Persons with Child's class B or C cirrhosis (ascites, variceal bleeding, encephalopathy, albumin less than 30 g per L, bilirubin greater than 30 micromoles per L) should have their treatment discussed with a transplant unit prior to initiating therapy.

NOTE:
PBS-subsidised entecavir monohydrate must be used as monotherapy.

Entecavir Monohydrate (Baraclude) 9603K Tablet 1 mg

1 December 2006

Amended 1 March 2008

Amended 1 July 2008

Patients with chronic hepatitis B who have failed lamivudine therapy and who satisfy all of the following criteria:

(1)(a) Repeatedly elevated  serum ALT levels while on concurrent antihepadnaviral therapy of greater than or equal to 6 months duration in conjunction with documented chronic hepatitis B infection; or
(b) Repeatedly elevated HBV DNA levels one log greater than the nadir value or failure to achieve a 1 log reduction in HBV DNA within 3 months, whilst on previous antihepadnaviral therapy except in patients with evidence of poor compliance;

(2) Female patients of child-bearing age are not pregnant, not breast-feeding, and are using an effective form of contraception.

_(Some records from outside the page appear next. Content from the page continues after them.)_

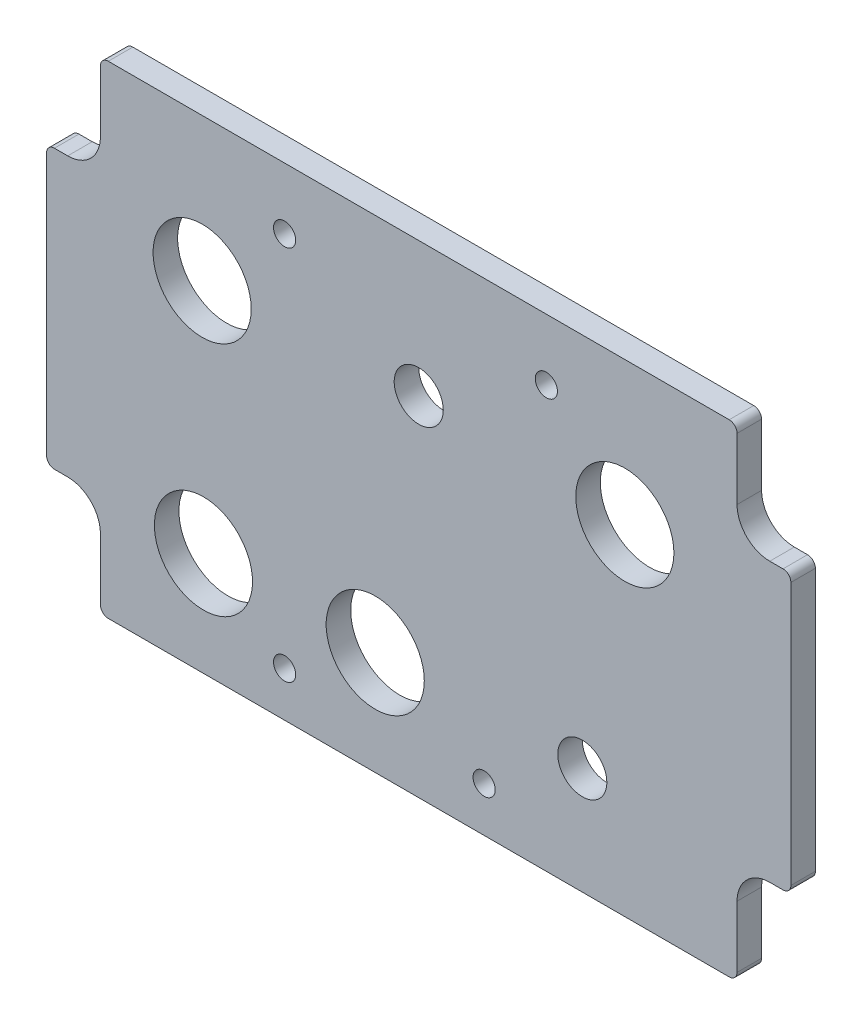
from build123d import *

# Parameters (mm, degrees)
BOSS_EXTRUDE1_DEPTH   = 4.7625
F_6_CLEARANCE_HOLE1_D = 4.3053
SKETCH4_R             = 4.7625
SKETCH4_R_2           = 9.525
CUT_EXTRUDE1_DEPTH    = 174.33217455


with BuildPart() as part:
    # Sketch1 → Boss-Extrude1 (new body)
    with BuildSketch(Plane.XY):
        with BuildLine():
            Line((133.2865, 94.45625), (12.7635, 94.45625))
            ThreePointArc((12.7635, 94.45625), (11.685869265, 94.009880735), (11.2395, 92.93225))
            Line((11.2395, 92.93225), (11.2395, 80.9625))
            ThreePointArc((11.2395, 80.9625), (9.379628061, 76.472371939), (4.8895, 74.6125))
            Line((4.8895, 74.6125), (2.31775, 74.6125))
            ThreePointArc((2.31775, 74.6125), (1.240119265, 74.166130735), (0.79375, 73.0885))
            Line((0.79375, 73.0885), (0.79375, 22.1615))
            ThreePointArc((0.79375, 22.1615), (1.240119265, 21.083869265), (2.31775, 20.6375))
            Line((2.31775, 20.6375), (4.8895, 20.6375))
            ThreePointArc((4.8895, 20.6375), (9.379628061, 18.777628061), (11.2395, 14.2875))
            Line((11.2395, 14.2875), (11.2395, 2.31775))
            ThreePointArc((11.2395, 2.31775), (11.685869265, 1.240119265), (12.7635, 0.79375))
            Line((12.7635, 0.79375), (133.2865, 0.79375))
            ThreePointArc((133.2865, 0.79375), (134.364130735, 1.240119265), (134.8105, 2.31775))
            Line((134.8105, 2.31775), (134.8105, 14.2875))
            ThreePointArc((134.8105, 14.2875), (136.670371939, 18.777628061), (141.1605, 20.6375))
            Line((141.1605, 20.6375), (143.73225, 20.6375))
            ThreePointArc((143.73225, 20.6375), (144.809880735, 21.083869265), (145.25625, 22.1615))
            Line((145.25625, 22.1615), (145.25625, 73.0885))
            ThreePointArc((145.25625, 73.0885), (144.809880735, 74.166130735), (143.73225, 74.6125))
            Line((143.73225, 74.6125), (141.1605, 74.6125))
            ThreePointArc((141.1605, 74.6125), (136.670371939, 76.472371939), (134.8105, 80.9625))
            Line((134.8105, 80.9625), (134.8105, 92.93225))
            ThreePointArc((134.8105, 92.93225), (134.364130735, 94.009880735), (133.2865, 94.45625))
        make_face()
    extrude(amount=BOSS_EXTRUDE1_DEPTH)

    # #6 Clearance Hole1 (through all)
    with Locations(Plane.XY.offset(4.7625)):
        with Locations((46.99, 82.55), (97.79, 82.55), (85.725, 9.525), (46.99, 9.525)):
            Hole(F_6_CLEARANCE_HOLE1_D / 2)

    # Sketch4 → Cut-Extrude1 (cut, through all)
    with BuildSketch(Plane.XY.offset(4.7625)):
        with Locations((73.025, 68.326)):
            Circle(SKETCH4_R)
        with Locations((104.775, 21.59)):
            Circle(SKETCH4_R)
        with Locations((30.988, 66.675)):
            Circle(SKETCH4_R_2)
        with Locations((113.03, 66.675)):
            Circle(SKETCH4_R_2)
        with Locations((31.242, 20.955)):
            Circle(SKETCH4_R_2)
        with Locations((64.5795, 20.955)):
            Circle(SKETCH4_R_2)
    extrude(amount=-CUT_EXTRUDE1_DEPTH, mode=Mode.SUBTRACT)


solid = part.part
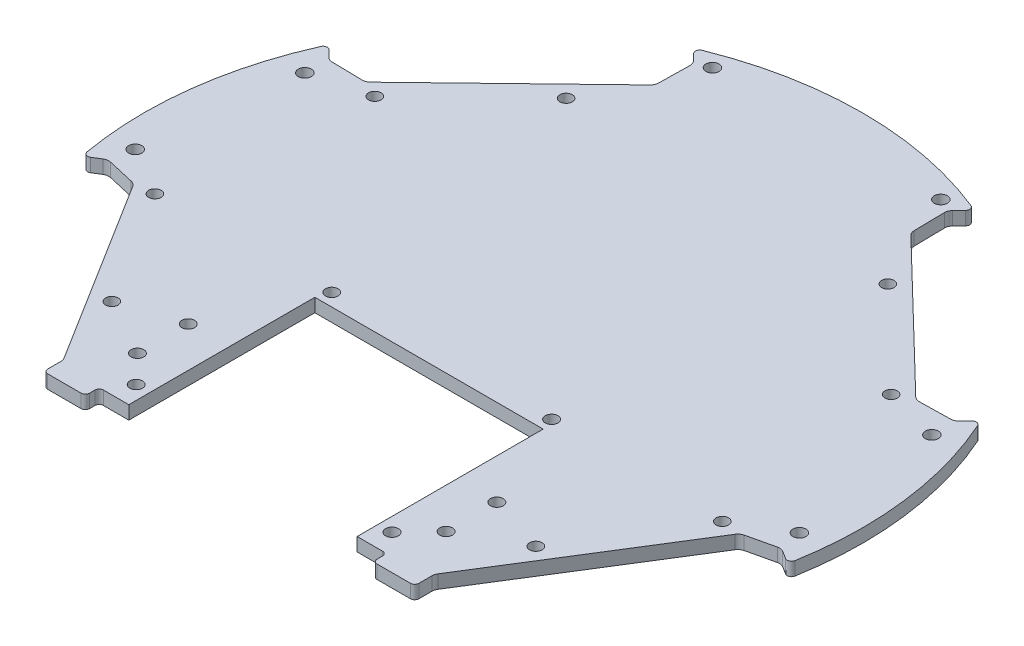
from build123d import *

# Parameters (mm, degrees)
BOSS_EXTRUDE4_DEPTH  = 1.5875
M3_CLEARANCE_HOLE3_D = 3
M3_CLEARANCE_HOLE1_D = 3.1
M3_CLEARANCE_HOLE4_D = 2.95
M3_CLEARANCE_HOLE2_D = 3.1
BOSS_EXTRUDE6_DEPTH  = 3.175
FILLET1_R            = 2
FILLET3_R            = 1
FILLET6_R            = 0.5
SKETCH28_W           = 54
SKETCH28_H           = 45
CUT_EXTRUDE4_DEPTH   = 10
CUT_EXTRUDE5_DEPTH   = 10
SKETCH31_R           = 1.5
CUT_EXTRUDE7_DEPTH   = 10


with BuildPart() as part:
    # Sketch1 → Boss-Extrude4 (new, symmetric)
    with BuildSketch(Plane(origin=(0, 0, 0), x_dir=(1, 0, 0), z_dir=(0, 1, 0))):
        with BuildLine():
            Line((-62.799553621, 32.496136604), (-73.969425011, 32.691107434))
            Line((-73.969425011, 32.691107434), (-77.053684287, 35.88495141))
            ThreePointArc((-77.053684287, 35.88495141), (-84.36642289, 10.358894189), (-83.446216027, -16.178041625))
            Line((-83.446216027, -16.178041625), (-79.680911643, -13.825218315))
            Line((-79.680911643, -13.825218315), (-69.484649137, -16.179210996))
            Line((-69.484649137, -16.179210996), (-43.894490772, -57.132025032))
            Line((-43.894490772, -57.132025032), (-43.894490772, -64.826600275))
            Line((-43.894490772, -64.826600275), (-43.094490772, -64.826600275))
            Line((-43.094490772, -64.826600275), (-34, -64.826600275))
            Line((-34, -64.826600275), (-34, -62.55))
            Line((-34, -62.55), (-34, -61.55))
            Line((-34, -61.55), (-20, -61.55))
            Line((-20, -61.55), (-19.859459165, -62.55))
            Line((-19.859459165, -62.55), (19.859459165, -62.55))
            Line((19.859459165, -62.55), (20, -61.55))
            Line((20, -61.55), (34, -61.55))
            Line((34, -61.55), (34, -62.55))
            Line((34, -62.55), (34, -64.826600275))
            Line((34, -64.826600275), (43.094490772, -64.826600275))
            Line((43.094490772, -64.826600275), (43.894490772, -64.826600275))
            Line((43.894490772, -64.826600275), (43.894490772, -57.132025032))
            Line((43.894490772, -57.132025032), (69.484649137, -16.179210996))
            Line((69.484649137, -16.179210996), (79.680911643, -13.825218315))
            Line((79.680911643, -13.825218315), (83.446216027, -16.178041625))
            ThreePointArc((83.446216027, -16.178041625), (84.610662337, -8.126242604), (85, 0))
            ThreePointArc((85, 0), (82.98964744, 18.377116688), (77.053684287, 35.88495141))
            Line((77.053684287, 35.88495141), (73.969425011, 32.691107434))
            Line((73.969425011, 32.691107434), (62.799553621, 32.496136604))
            Line((62.799553621, 32.496136604), (30.284668021, 63.895396642))
            Line((30.284668021, 63.895396642), (30.089697191, 75.065268032))
            Line((30.089697191, 75.065268032), (33.173956467, 78.259112008))
            ThreePointArc((33.173956467, 78.259112008), (0, 85), (-33.173956467, 78.259112008))
            Line((-33.173956467, 78.259112008), (-30.089697191, 75.065268032))
            Line((-30.089697191, 75.065268032), (-30.284668021, 63.895396642))
            Line((-30.284668021, 63.895396642), (-62.799553621, 32.496136604))
        make_face()
    extrude(amount=BOSS_EXTRUDE4_DEPTH, both=True)

    # M3 Clearance Hole3 (through all)
    with Locations(Plane(origin=(0, -1.5875, 0), x_dir=(-1, 0, 0), z_dir=(0, -1, 0))):
        with Locations((36.5, -50), (36.5, -38), (-36.5, -50), (-36.5, -38)):
            Hole(M3_CLEARANCE_HOLE3_D / 2)

    # M3 Clearance Hole1 (through all)
    with Locations(Plane(origin=(0, 1.5875, 0), x_dir=(1, 0, 0), z_dir=(0, 1, 0))):
        with Locations((-78.542321426, -8.49139241), (78.542321426, -8.49139241), (74.155025063, 27.240269049), (-74.155025063, 27.240269049)):
            Hole(M3_CLEARANCE_HOLE1_D / 2)

    # M3 Clearance Hole4 (through all)
    with Locations(Plane(origin=(0, -1.5875, 0), x_dir=(-1, 0, 0), z_dir=(0, -1, 0))):
        with Locations((-67.099301622, -15.278865202), (-50.141885166, -42.416404279), (-61.062544382, 30.698137949), (-38.043670771, 52.927205804), (50.141885166, -42.416404279), (67.099301622, -15.278865202), (38.043670771, 52.927205804), (61.062544382, 30.698137949)):
            Hole(M3_CLEARANCE_HOLE4_D / 2)

    # M3 Clearance Hole2 (through all)
    with Locations(Plane(origin=(0, 1.5875, 0), x_dir=(1, 0, 0), z_dir=(0, 1, 0))):
        with Locations((27, 76.497766718), (-27, 76.497766718)):
            Hole(M3_CLEARANCE_HOLE2_D / 2)

    # Sketch22 → Boss-Extrude6 (add)
    with BuildSketch(Plane(origin=(0, 1.5875, 0), x_dir=(1, 0, 0), z_dir=(0, 1, 0))):
        Polygon((65.061950694, 32.535626892), (30.245177733, 66.157793715), (30.284668021, 63.895396642), (62.799553621, 32.496136604), align=None)
        Polygon((-30.284668021, 63.895396642), (-30.245177733, 66.157793715), (-65.061950694, 32.535626892), (-62.799553621, 32.496136604), align=None)
        Polygon((43.894490772, -60.151352895), (71.689396914, -15.670204865), (69.484649137, -16.179210996), (43.894490772, -57.132025032), align=None)
        Polygon((-69.484649137, -16.179210996), (-71.689396914, -15.670204865), (-43.894490772, -60.151352895), (-43.894490772, -57.132025032), align=None)
    extrude(amount=-BOSS_EXTRUDE6_DEPTH)

    # Fillet1
    fillet1_edges = [part.edges().sort_by_distance(p)[0] for p in [
        (-30.245177733, 0.79375, -66.157793715),
        (-65.061950694, 0.79375, -32.535626892),
        (-71.689396914, 0.79375, 15.670204865),
        (-43.894490772, 0.79375, 60.151352895),
        (43.894490772, -0.79375, 60.151352895),
        (71.689396914, -0.79375, 15.670204865),
        (65.061950694, 0.79375, -32.535626892),
        (30.245177733, -0.79375, -66.157793715),
        (30.089697191, -0.79375, -75.065268032),
        (73.969425011, -0.79375, -32.691107434),
        (79.680911643, -0.79375, 13.825218315),
        (-79.680911643, -0.79375, 13.825218315),
        (-73.969425011, -0.79375, -32.691107434),
        (-30.089697191, -0.79375, -75.065268032),
    ]]
    fillet(fillet1_edges, radius=FILLET1_R)

    # Fillet3
    fillet3_edges = [part.edges().sort_by_distance(p)[0] for p in [
        (33.173956467, -0.79375, -78.259112008),
        (77.053684287, 0.79375, -35.88495141),
        (83.446216027, -0.79375, 16.178041625),
        (43.894490772, -0.79375, 64.826600275),
        (34, 0.79375, 64.826600275),
        (34, -0.79375, 61.55),
        (-34, -0.79375, 61.55),
        (-34, 0.79375, 64.826600275),
        (-43.894490772, -0.79375, 64.826600275),
        (-83.446216027, -0.79375, 16.178041625),
        (-77.053684287, -0.79375, -35.88495141),
        (-33.173956467, -0.79375, -78.259112008),
    ]]
    fillet(fillet3_edges, radius=FILLET3_R - 0.0001)  # a hair under: the kernel refuses the full size

    # Fillet6
    fillet6_edges = [part.edges().sort_by_distance(p)[0] for p in [
        (20, -0.79375, 61.55),
        (19.859459165, -0.79375, 62.55),
        (-19.859459165, 0.79375, 62.55),
        (-20, 0.79375, 61.55),
    ]]
    fillet(fillet6_edges, radius=FILLET6_R)

    # Sketch28 → Cut-Extrude4 (cut)
    with BuildSketch(Plane(origin=(0, 1.5875, 0), x_dir=(1, 0, 0), z_dir=(0, 1, 0))):
        with Locations((0, -40.05)):
            Rectangle(SKETCH28_W, SKETCH28_H)
    extrude(amount=-CUT_EXTRUDE4_DEPTH, mode=Mode.SUBTRACT)

    # Sketch29 → Cut-Extrude5 (cut)
    with BuildSketch(Plane(origin=(0, 1.5875, 0), x_dir=(1, 0, 0), z_dir=(0, 1, 0))):
        with BuildLine():
            ThreePointArc((-31.75, -56.55), (-30.25, -58.05), (-28.75, -56.55))
            Line((-28.75, -56.55), (-30.25, -56.55))
            Line((-30.25, -56.55), (-31.75, -56.55))
        make_face()
        with BuildLine():
            Line((-30.25, -56.55), (-28.75, -56.55))
            ThreePointArc((-28.75, -56.55), (-30.25, -55.05), (-31.75, -56.55))
            Line((-31.75, -56.55), (-30.25, -56.55))
        make_face()
        with BuildLine():
            ThreePointArc((28.75, -56.55), (30.25, -58.05), (31.75, -56.55))
            ThreePointArc((31.75, -56.55), (30.25, -55.05), (28.75, -56.55))
        make_face()
    extrude(amount=-CUT_EXTRUDE5_DEPTH, mode=Mode.SUBTRACT)

    # Sketch31 → Cut-Extrude7 (cut)
    with BuildSketch(Plane(origin=(0, 1.5875, 0), x_dir=(1, 0, 0), z_dir=(0, 1, 0))):
        with Locations(Location((-26, -14.55, 0), (0, 0, 270))):
            Circle(SKETCH31_R)
        with Locations(Location((26, -14.55, 0), (0, 0, 270))):
            Circle(SKETCH31_R)
    extrude(amount=-CUT_EXTRUDE7_DEPTH, mode=Mode.SUBTRACT)


solid = part.part
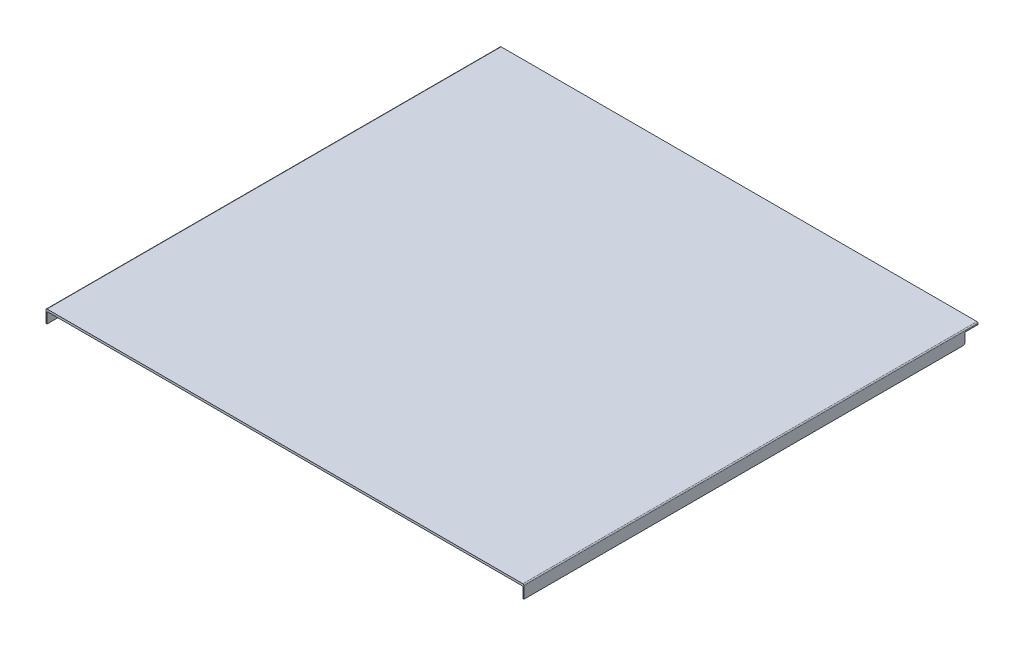
from build123d import *

# Parameters (mm, degrees)
SKETCH1_W           = 442
SKETCH1_H           = 420
BOSS_EXTRUDE1_DEPTH = 2
SKETCH2_W           = 1
SKETCH2_H           = 408
BOSS_EXTRUDE2_DEPTH = 10
FILLET1_R           = 2
FILLET2_R           = 0.5
FILLET3_R           = 1
FILLET4_R           = 0.5


with BuildPart() as part:
    # Sketch1 → Boss-Extrude1 (new body)
    with BuildSketch(Plane(origin=(0, 0, 0), x_dir=(1, 0, 0), z_dir=(0, 1, 0))):
        Rectangle(SKETCH1_W, SKETCH1_H)
    extrude(amount=BOSS_EXTRUDE1_DEPTH)

    # Sketch2 → Boss-Extrude2 (add)
    with BuildSketch(Plane.XZ):
        with Locations((220.5, 6)):
            Rectangle(SKETCH2_W, SKETCH2_H)
        with Locations((-220.5, 6)):
            Rectangle(SKETCH2_W, SKETCH2_H)
    extrude(amount=BOSS_EXTRUDE2_DEPTH)

    # Fillet1
    fillet1_edges = [part.edges().sort_by_distance(p)[0] for p in [
        (220.5, -10, -198),
        (-220.5, -10, -198),
    ]]
    fillet(fillet1_edges, radius=FILLET1_R)

    # Fillet2
    fillet2_edges = [part.edges().sort_by_distance(p)[0] for p in [
        (220.5, 0, -198),
        (-220.5, 0, -198),
    ]]
    fillet(fillet2_edges, radius=FILLET2_R)

    # Fillet3
    fillet3_edges = [part.edges().sort_by_distance(p)[0] for p in [
        (221, 2, 0),
        (-221, 2, 0),
    ]]
    fillet(fillet3_edges, radius=FILLET3_R)

    # Fillet4
    fillet4_edges = [part.edges().sort_by_distance(p)[0] for p in [
        (-220, 0, 5.75),
        (220, 0, 5.75),
    ]]
    fillet(fillet4_edges, radius=FILLET4_R)


solid = part.part
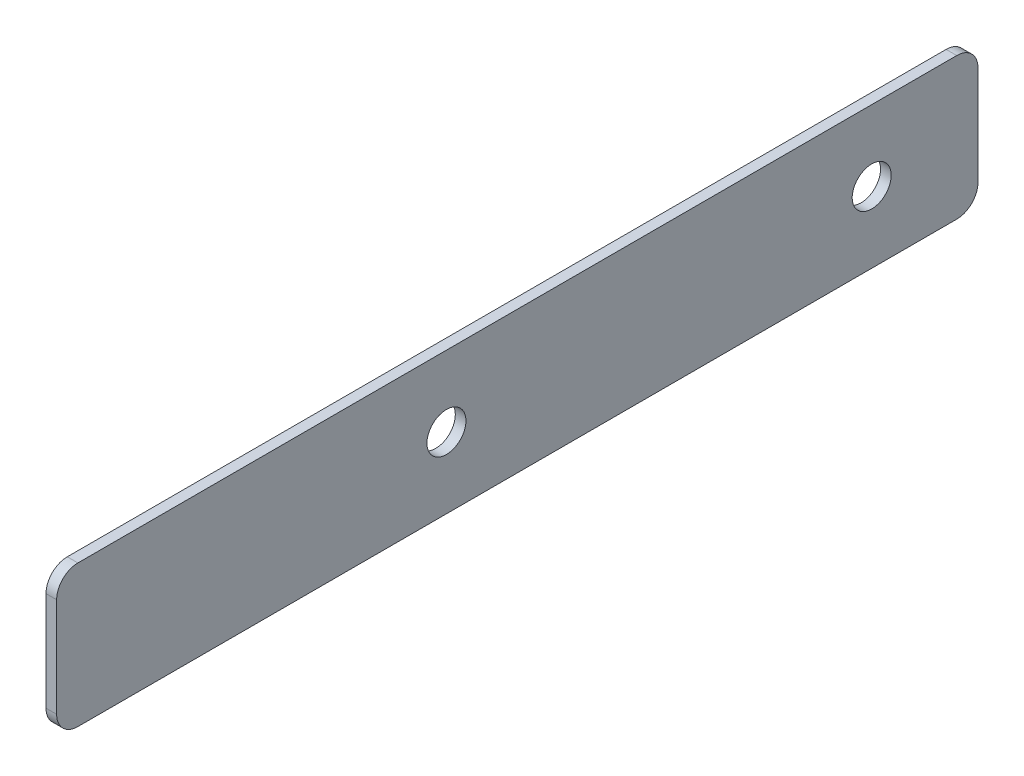
from build123d import *

# Parameters (mm, degrees)
SZKIC1_W                = 130
SZKIC1_H                = 20
ODGI_CIE_BAZOWE1_DEPTH  = 1.5
OTW_R_POD_RUB_M51_D     = 5.5
OTW_R_POD_RUB_M51_DEPTH = 10
OTW_R_POD_RUB_M51_TIP   = 1.652366702
ZAOKR_GLENIE1_R         = 3


# Sheet-metal steps are written as plain solids
with BuildPart() as part:
    # Szkic1 → Odgięcie bazowe1 (new body)
    with BuildSketch(Plane(origin=(0, 0, 0), x_dir=(0, 0, -1), z_dir=(1, 0, 0))):
        Rectangle(SZKIC1_W, SZKIC1_H)
    extrude(amount=-ODGI_CIE_BAZOWE1_DEPTH)

    # Otwór pod śrubę M51
    with Locations(Plane(origin=(0, 0, 0), x_dir=(0, 0, -1), z_dir=(1, 0, 0))):
        with Locations((-10, 0), (50, 0)):
            Hole(OTW_R_POD_RUB_M51_D / 2, depth=OTW_R_POD_RUB_M51_DEPTH)
            with Locations((0, 0, -(OTW_R_POD_RUB_M51_DEPTH + OTW_R_POD_RUB_M51_TIP / 2))):  # 118° drill point
                Cone(0, OTW_R_POD_RUB_M51_D / 2, OTW_R_POD_RUB_M51_TIP, mode=Mode.SUBTRACT)

    # Zaokrąglenie1
    zaokr_glenie1_edges = [part.edges().sort_by_distance(p)[0] for p in [
        (-0.75, -10, -65),
        (-0.75, -10, 65),
        (-0.75, 10, 65),
        (-0.75, 10, -65),
    ]]
    fillet(zaokr_glenie1_edges, radius=ZAOKR_GLENIE1_R)


solid = part.part

Persons with Child's class B or C cirrhosis (ascites, variceal bleeding, encephalopathy, albumin less than 30 g per L, bilirubin greater than 30 micromoles per L) should have their treatment discussed with a transplant unit prior to initiating therapy.

NOTE:
Patients should have undergone a liver biopsy at some point since initial diagnosis to obtain histological evidence of chronic hepatitis. PBS-subsidised entecavir monohydrate must be used as monotherapy.

Epoetin alfa (Eprex)

Amended 1 May 2004

Treatment of anaemia requiring transfusion, defined as a haemoglobin level of less than 100g/L, where intrinsic renal disease, as assessed by a nephrologist, is the primary cause of the anaemia.

Note: With the amended indication for epoetin from 1 May 2004 it should be noted that patients receiving subsidised treatment prior to this date will be eligible to continue to receive subsidised treatment.